▶ **About this task**
Give back each line of the listing below that contains the string "blind".

-----

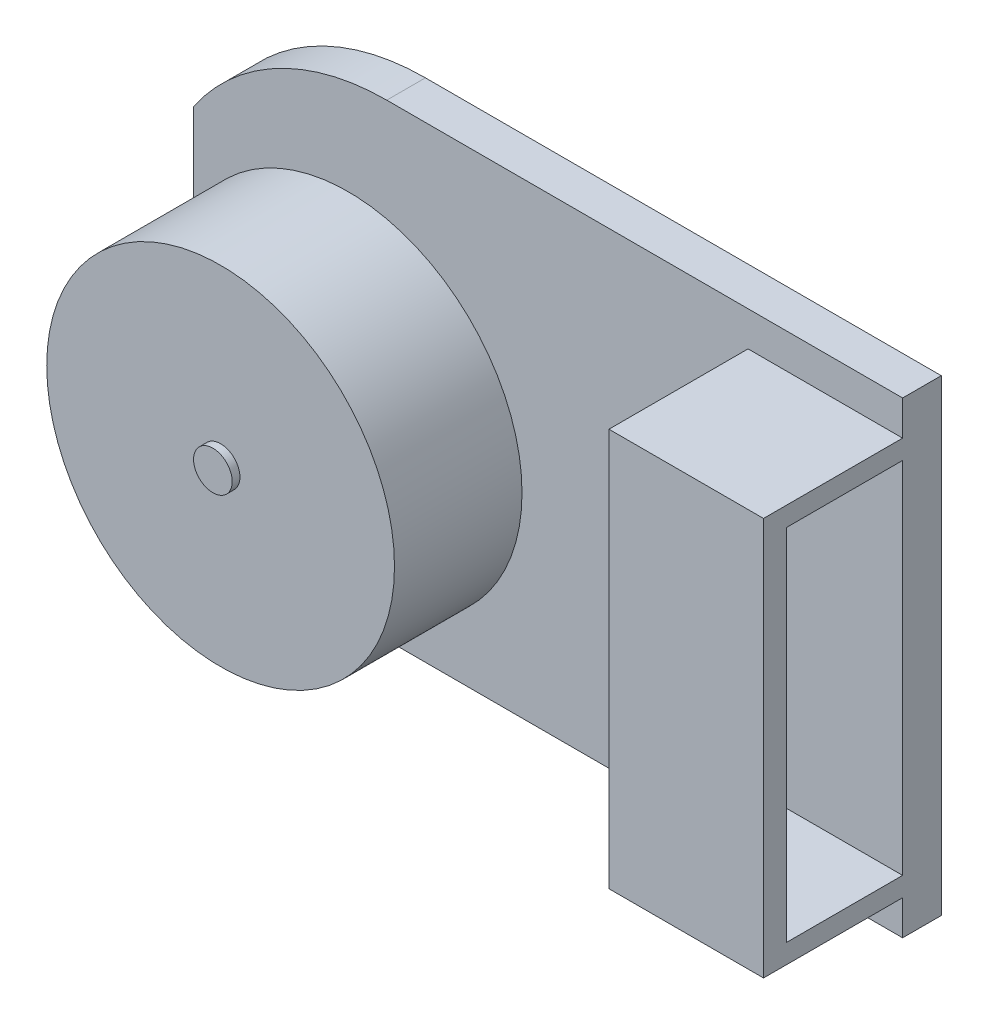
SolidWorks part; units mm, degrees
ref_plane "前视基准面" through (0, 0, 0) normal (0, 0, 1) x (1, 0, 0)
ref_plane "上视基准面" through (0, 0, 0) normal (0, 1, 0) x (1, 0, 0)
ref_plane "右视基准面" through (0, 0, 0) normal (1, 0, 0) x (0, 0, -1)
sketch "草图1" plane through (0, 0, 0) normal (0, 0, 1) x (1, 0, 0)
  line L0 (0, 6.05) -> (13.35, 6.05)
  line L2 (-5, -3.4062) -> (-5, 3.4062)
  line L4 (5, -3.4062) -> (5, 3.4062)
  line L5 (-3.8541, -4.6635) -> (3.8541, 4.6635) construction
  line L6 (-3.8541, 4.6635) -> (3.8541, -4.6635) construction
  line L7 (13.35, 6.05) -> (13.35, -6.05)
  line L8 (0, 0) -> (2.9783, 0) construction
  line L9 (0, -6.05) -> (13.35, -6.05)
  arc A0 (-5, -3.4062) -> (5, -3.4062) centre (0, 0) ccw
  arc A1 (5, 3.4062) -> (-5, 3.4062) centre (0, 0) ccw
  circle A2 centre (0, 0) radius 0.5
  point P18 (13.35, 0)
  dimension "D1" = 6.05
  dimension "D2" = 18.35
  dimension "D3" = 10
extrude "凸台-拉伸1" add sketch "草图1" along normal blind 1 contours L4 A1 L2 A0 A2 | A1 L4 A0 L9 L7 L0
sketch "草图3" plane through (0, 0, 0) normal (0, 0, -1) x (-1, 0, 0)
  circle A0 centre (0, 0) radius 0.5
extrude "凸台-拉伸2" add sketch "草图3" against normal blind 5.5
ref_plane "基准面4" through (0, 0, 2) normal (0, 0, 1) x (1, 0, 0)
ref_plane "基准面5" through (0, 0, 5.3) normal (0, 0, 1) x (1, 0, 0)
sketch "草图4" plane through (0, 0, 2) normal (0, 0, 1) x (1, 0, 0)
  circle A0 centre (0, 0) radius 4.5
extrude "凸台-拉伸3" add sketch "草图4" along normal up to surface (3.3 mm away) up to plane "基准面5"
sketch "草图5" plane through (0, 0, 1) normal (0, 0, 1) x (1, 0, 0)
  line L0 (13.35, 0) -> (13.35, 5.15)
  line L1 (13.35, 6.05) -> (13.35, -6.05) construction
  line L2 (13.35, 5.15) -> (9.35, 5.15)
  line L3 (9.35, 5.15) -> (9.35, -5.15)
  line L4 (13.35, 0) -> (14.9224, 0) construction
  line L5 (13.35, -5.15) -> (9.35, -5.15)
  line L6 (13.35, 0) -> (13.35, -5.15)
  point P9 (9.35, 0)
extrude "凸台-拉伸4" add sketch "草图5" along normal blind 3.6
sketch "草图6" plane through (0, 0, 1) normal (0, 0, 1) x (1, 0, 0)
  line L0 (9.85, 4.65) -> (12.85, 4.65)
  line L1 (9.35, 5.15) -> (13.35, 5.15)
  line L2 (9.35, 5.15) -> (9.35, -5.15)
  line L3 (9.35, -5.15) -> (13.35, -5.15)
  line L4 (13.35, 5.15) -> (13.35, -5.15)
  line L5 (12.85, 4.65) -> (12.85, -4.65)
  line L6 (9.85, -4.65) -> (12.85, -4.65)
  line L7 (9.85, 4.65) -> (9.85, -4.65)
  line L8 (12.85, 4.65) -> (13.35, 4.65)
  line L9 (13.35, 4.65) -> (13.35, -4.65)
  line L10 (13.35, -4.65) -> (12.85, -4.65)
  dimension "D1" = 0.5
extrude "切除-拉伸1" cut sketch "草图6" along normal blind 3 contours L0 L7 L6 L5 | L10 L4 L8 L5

-----

▶ **Answer**
extrude "凸台-拉伸1" add sketch "草图1" along normal blind 1 contours L4 A1 L2 A0 A2 | A1 L4 A0 L9 L7 L0
extrude "凸台-拉伸2" add sketch "草图3" against normal blind 5.5
extrude "凸台-拉伸4" add sketch "草图5" along normal blind 3.6
extrude "切除-拉伸1" cut sketch "草图6" along normal blind 3 contours L0 L7 L6 L5 | L10 L4 L8 L5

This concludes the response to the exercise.